━━━ Records for processing ━━━
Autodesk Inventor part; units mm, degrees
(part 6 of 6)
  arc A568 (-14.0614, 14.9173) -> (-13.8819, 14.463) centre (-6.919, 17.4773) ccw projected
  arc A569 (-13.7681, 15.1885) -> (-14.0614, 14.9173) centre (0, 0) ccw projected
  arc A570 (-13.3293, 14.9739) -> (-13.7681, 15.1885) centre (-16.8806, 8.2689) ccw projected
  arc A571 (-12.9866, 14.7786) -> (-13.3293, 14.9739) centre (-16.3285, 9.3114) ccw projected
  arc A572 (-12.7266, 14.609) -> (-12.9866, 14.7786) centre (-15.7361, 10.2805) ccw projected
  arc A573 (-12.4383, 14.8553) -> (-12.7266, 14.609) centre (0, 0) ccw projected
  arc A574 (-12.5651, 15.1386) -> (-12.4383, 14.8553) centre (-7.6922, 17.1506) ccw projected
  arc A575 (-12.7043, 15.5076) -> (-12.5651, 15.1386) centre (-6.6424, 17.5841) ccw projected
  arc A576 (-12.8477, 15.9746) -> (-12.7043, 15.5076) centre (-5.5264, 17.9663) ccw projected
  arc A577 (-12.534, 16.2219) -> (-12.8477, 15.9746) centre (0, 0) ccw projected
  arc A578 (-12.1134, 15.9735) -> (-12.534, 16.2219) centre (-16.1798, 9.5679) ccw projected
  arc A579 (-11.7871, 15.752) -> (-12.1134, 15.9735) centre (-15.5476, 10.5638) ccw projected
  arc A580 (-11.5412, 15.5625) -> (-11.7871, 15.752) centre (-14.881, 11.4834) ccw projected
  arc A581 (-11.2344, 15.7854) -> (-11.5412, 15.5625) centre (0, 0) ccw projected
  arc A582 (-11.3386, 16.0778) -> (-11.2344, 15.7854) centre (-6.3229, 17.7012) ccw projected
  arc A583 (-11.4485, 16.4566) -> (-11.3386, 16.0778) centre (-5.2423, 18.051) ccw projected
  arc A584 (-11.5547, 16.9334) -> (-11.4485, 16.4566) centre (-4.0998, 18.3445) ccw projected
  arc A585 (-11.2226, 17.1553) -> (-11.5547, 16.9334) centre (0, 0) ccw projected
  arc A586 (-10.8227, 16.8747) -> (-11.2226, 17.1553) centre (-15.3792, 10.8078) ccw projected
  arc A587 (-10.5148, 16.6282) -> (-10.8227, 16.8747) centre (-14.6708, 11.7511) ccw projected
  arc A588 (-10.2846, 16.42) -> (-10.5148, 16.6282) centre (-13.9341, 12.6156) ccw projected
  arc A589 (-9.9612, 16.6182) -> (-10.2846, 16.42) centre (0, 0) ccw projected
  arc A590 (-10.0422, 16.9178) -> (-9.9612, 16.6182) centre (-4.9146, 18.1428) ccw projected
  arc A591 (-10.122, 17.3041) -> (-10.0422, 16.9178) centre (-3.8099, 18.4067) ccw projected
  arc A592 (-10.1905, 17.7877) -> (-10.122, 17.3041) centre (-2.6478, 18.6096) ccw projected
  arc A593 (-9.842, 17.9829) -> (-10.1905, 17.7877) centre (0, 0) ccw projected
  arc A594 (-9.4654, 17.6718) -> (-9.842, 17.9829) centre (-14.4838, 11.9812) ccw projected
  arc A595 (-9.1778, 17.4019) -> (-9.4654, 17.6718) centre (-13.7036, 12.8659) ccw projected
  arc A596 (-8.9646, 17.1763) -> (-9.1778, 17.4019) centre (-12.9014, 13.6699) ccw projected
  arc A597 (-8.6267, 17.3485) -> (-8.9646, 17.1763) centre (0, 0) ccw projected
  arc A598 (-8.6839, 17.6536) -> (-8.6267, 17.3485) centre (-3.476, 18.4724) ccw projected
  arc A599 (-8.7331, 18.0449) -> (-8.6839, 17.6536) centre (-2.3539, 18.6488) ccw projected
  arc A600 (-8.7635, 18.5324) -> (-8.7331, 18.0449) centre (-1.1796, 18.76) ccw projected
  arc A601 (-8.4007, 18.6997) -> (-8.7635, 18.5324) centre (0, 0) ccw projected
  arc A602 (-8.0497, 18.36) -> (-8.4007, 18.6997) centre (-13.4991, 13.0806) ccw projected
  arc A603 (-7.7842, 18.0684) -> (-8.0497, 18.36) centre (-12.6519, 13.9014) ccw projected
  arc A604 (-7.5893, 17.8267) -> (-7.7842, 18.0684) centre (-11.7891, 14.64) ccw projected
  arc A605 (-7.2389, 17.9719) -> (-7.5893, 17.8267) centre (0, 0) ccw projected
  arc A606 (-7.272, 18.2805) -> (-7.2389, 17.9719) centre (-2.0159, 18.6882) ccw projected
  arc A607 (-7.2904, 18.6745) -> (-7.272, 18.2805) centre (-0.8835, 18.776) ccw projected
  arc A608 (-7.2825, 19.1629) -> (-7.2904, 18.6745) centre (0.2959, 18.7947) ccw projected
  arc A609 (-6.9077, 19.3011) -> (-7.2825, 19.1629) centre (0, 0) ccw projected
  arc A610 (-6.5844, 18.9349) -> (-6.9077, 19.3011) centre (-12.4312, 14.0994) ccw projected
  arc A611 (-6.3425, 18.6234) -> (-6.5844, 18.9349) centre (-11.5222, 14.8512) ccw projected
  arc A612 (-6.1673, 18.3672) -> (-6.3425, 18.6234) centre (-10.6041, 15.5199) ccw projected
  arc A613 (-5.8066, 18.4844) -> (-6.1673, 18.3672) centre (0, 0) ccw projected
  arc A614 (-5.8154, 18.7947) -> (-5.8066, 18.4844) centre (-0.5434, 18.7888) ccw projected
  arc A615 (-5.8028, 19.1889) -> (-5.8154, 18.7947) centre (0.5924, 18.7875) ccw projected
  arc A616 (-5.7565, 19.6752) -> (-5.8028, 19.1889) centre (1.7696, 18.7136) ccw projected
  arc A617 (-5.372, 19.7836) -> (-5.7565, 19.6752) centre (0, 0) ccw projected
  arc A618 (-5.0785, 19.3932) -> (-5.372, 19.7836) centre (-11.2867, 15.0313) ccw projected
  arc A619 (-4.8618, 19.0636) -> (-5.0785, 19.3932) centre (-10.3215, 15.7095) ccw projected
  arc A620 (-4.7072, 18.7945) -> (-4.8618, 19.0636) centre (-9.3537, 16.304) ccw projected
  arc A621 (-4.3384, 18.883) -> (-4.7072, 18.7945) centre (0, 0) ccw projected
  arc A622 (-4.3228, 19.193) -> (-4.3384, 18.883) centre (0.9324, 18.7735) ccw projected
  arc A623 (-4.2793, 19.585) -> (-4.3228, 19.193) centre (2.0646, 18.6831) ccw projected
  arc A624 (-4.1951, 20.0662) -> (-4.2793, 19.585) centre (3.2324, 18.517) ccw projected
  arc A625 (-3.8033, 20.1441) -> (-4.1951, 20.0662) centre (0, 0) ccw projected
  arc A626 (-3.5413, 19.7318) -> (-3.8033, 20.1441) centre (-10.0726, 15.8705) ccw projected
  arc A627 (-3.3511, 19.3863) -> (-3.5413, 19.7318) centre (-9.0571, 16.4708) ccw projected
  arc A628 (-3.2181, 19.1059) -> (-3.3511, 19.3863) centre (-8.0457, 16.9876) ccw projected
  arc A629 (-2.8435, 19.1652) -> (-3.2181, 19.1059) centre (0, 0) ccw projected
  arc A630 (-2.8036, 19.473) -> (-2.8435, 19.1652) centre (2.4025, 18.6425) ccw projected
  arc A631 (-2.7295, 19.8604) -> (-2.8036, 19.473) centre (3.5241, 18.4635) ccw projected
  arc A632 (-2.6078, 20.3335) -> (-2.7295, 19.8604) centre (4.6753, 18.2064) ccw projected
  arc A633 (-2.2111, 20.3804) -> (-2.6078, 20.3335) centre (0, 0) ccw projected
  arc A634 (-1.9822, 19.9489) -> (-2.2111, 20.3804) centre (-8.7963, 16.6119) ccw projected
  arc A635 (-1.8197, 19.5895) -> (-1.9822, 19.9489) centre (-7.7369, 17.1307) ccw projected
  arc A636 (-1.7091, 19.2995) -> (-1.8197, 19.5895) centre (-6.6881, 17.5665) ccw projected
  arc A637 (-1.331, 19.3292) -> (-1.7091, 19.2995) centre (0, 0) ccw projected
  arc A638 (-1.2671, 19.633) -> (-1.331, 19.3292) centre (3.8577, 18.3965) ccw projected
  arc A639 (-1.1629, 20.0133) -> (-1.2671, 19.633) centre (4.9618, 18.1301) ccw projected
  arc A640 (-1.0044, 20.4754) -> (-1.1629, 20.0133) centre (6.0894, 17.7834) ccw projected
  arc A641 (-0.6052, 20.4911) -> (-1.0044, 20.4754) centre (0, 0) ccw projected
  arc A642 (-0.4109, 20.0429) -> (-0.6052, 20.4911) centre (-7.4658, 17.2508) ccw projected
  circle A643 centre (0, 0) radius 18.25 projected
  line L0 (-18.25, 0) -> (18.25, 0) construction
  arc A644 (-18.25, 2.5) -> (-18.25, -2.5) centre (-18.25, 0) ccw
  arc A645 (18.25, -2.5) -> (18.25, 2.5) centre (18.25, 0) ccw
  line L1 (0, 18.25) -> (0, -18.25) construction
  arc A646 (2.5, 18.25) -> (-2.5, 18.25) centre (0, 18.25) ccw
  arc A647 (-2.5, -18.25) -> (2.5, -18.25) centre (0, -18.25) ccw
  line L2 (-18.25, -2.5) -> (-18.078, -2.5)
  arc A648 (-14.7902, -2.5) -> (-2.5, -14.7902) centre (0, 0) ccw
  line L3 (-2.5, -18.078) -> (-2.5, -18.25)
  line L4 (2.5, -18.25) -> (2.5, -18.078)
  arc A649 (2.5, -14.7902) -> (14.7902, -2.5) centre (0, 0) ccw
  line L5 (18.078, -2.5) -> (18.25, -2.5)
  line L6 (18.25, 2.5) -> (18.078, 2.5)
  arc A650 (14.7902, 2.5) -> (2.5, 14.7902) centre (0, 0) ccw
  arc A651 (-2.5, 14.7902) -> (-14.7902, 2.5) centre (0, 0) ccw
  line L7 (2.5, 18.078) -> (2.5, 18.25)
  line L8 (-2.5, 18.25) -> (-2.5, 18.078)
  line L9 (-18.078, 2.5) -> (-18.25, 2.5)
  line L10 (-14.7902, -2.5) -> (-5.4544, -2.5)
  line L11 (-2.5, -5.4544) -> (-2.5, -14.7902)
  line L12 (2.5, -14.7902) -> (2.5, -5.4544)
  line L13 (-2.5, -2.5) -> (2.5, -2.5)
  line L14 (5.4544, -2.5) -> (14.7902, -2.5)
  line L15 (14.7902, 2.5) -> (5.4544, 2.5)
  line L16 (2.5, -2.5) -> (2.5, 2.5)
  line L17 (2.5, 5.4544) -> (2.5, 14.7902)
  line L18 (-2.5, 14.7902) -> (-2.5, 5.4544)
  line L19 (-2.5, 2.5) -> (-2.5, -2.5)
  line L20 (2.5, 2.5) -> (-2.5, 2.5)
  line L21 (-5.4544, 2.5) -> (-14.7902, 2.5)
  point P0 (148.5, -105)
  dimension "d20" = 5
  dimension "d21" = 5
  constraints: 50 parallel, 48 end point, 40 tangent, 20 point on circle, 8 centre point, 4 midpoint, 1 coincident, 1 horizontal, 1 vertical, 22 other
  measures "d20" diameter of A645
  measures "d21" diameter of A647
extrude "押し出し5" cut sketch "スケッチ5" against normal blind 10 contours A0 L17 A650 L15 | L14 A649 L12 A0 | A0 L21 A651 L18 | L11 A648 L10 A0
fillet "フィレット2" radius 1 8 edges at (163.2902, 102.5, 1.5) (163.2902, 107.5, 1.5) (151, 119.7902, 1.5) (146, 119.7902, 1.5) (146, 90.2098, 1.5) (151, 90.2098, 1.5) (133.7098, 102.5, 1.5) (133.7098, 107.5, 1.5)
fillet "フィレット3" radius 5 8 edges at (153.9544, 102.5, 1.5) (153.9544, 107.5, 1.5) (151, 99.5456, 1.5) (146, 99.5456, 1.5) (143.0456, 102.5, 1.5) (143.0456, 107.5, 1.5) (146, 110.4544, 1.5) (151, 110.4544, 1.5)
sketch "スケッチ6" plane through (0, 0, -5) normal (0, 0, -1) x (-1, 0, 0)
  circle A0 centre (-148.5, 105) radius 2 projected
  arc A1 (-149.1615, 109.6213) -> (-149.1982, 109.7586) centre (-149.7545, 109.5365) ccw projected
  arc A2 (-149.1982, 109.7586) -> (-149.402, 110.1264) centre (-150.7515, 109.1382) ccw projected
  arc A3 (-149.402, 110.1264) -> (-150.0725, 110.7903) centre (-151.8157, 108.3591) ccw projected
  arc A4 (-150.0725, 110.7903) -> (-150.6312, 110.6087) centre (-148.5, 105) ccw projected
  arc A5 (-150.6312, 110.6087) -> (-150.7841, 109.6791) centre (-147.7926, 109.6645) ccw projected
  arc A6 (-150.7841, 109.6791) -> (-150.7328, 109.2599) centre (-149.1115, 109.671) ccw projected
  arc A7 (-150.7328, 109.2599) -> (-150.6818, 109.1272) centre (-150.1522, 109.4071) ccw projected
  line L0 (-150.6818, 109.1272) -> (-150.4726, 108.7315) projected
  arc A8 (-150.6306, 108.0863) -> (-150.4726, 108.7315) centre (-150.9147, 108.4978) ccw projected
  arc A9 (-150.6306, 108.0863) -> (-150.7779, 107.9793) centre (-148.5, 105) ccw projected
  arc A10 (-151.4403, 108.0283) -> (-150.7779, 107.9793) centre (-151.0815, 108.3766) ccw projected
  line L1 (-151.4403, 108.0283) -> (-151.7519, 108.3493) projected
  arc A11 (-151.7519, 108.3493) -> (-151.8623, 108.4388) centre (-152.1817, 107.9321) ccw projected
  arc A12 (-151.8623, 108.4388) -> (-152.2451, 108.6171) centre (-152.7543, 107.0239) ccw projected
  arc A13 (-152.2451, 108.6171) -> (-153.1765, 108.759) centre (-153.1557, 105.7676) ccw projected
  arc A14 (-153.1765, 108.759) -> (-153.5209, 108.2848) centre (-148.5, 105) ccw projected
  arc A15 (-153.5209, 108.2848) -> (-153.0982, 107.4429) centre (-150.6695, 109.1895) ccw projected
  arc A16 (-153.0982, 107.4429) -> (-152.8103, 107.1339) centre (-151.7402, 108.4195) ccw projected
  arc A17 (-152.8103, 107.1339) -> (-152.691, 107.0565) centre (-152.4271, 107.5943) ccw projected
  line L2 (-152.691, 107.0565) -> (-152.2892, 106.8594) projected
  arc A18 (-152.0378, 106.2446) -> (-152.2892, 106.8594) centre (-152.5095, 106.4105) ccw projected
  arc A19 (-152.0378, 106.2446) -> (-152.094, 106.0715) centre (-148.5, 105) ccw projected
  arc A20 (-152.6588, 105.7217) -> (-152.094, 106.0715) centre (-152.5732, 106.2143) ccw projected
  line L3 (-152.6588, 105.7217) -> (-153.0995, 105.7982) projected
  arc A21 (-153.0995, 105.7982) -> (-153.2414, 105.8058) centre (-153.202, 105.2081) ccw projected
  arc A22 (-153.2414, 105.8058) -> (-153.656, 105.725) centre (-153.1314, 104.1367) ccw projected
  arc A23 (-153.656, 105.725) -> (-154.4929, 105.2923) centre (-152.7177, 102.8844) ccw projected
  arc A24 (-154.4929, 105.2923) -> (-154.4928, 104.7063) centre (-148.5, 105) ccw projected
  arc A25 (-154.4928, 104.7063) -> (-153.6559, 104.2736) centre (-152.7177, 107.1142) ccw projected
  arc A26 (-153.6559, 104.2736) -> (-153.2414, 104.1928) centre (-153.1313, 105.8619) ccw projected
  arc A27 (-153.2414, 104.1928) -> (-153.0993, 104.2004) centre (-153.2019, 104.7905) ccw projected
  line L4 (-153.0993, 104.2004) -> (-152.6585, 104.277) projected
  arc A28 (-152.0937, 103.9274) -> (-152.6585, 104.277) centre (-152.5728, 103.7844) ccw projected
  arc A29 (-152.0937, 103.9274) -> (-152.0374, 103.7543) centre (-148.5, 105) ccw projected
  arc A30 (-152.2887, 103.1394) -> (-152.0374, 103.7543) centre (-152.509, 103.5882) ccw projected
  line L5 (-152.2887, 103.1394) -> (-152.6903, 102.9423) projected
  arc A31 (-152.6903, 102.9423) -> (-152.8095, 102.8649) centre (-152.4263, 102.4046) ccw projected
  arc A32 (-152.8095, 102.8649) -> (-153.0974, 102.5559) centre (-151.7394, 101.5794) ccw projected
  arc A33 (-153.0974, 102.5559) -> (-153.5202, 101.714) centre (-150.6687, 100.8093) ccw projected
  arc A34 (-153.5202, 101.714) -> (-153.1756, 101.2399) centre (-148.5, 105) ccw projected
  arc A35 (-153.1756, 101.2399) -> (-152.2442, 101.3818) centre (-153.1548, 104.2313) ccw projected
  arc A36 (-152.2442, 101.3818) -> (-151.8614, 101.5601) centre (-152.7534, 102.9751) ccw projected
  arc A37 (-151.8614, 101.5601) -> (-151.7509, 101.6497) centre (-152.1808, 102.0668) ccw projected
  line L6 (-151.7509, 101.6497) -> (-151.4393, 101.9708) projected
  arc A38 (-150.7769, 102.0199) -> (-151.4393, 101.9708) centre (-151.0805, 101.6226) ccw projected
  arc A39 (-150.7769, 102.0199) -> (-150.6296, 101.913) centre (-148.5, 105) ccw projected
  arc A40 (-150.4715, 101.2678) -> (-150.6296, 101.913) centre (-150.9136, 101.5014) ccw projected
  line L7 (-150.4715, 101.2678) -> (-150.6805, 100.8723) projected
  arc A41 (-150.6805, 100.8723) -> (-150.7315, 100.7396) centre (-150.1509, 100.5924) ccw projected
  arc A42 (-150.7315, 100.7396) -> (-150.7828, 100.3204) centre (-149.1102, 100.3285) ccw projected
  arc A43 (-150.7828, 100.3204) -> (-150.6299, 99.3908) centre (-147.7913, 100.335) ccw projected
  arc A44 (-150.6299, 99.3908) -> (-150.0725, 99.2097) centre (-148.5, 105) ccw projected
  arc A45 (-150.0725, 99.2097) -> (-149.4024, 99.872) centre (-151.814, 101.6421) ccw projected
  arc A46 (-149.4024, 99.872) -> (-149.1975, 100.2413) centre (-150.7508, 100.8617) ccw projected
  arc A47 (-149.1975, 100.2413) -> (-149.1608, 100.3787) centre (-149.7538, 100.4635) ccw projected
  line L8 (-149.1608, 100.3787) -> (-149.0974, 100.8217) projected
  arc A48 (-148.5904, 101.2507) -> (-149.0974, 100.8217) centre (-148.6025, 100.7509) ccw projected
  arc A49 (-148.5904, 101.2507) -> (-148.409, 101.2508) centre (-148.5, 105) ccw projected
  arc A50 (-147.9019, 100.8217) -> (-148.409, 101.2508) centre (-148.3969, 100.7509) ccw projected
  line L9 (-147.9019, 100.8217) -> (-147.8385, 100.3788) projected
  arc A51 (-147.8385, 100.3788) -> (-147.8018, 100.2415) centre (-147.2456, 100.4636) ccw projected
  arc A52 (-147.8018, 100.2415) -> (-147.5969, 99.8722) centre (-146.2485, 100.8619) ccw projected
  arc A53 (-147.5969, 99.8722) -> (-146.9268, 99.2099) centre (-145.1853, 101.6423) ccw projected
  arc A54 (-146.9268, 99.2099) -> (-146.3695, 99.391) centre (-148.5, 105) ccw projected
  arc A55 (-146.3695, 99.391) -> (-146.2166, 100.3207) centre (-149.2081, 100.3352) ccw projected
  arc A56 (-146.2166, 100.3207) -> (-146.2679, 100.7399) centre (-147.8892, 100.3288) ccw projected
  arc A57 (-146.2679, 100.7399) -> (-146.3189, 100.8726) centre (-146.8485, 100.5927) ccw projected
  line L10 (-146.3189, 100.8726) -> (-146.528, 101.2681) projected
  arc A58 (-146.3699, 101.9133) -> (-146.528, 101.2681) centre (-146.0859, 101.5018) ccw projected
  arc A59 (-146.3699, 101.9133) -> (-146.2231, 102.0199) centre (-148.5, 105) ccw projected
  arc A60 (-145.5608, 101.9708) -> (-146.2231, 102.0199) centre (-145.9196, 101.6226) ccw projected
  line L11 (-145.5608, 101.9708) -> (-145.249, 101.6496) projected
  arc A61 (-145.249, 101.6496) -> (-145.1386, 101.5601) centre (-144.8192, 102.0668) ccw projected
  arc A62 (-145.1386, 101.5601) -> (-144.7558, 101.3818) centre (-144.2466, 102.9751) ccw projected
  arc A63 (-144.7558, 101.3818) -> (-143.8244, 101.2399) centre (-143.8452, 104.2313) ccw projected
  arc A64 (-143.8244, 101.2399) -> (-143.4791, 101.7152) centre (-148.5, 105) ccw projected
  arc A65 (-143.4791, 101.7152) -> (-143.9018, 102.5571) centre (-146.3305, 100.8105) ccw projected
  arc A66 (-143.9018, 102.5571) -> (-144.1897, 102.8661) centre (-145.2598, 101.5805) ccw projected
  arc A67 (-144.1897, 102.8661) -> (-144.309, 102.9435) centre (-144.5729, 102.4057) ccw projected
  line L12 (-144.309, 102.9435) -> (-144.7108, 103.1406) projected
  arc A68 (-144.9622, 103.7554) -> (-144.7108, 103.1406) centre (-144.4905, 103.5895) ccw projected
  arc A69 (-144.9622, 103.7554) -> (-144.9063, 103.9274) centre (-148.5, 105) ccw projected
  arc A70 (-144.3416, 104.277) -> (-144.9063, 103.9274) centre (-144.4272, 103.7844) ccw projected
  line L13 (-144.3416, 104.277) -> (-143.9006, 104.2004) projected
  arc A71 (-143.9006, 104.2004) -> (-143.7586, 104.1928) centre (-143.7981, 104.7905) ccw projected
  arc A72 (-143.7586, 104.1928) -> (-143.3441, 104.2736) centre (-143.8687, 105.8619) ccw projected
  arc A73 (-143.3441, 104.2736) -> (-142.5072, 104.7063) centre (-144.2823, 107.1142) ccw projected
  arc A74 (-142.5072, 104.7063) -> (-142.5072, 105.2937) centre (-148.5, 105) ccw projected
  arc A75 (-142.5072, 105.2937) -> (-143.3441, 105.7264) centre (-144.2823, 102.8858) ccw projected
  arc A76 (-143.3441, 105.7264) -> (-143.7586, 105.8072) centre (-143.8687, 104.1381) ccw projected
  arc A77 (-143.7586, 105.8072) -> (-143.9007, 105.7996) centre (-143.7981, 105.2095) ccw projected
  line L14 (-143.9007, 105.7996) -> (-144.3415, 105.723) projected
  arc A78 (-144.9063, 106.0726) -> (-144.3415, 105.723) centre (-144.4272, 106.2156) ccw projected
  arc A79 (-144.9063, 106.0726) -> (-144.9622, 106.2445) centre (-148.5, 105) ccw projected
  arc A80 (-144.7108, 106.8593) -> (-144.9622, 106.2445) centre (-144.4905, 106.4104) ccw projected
━━━
* [Problem]
Restate word for word the entries above, starting at the line with "arc A35 (-153.1756, 101.2399)" and ending at the line with "arc A38 (-150.7769, 102.0199)", inclusive, and no others.

* [Solution for this problem]
  arc A35 (-153.1756, 101.2399) -> (-152.2442, 101.3818) centre (-153.1548, 104.2313) ccw projected
  arc A36 (-152.2442, 101.3818) -> (-151.8614, 101.5601) centre (-152.7534, 102.9751) ccw projected
  arc A37 (-151.8614, 101.5601) -> (-151.7509, 101.6497) centre (-152.1808, 102.0668) ccw projected
  line L6 (-151.7509, 101.6497) -> (-151.4393, 101.9708) projected
  arc A38 (-150.7769, 102.0199) -> (-151.4393, 101.9708) centre (-151.0805, 101.6226) ccw projected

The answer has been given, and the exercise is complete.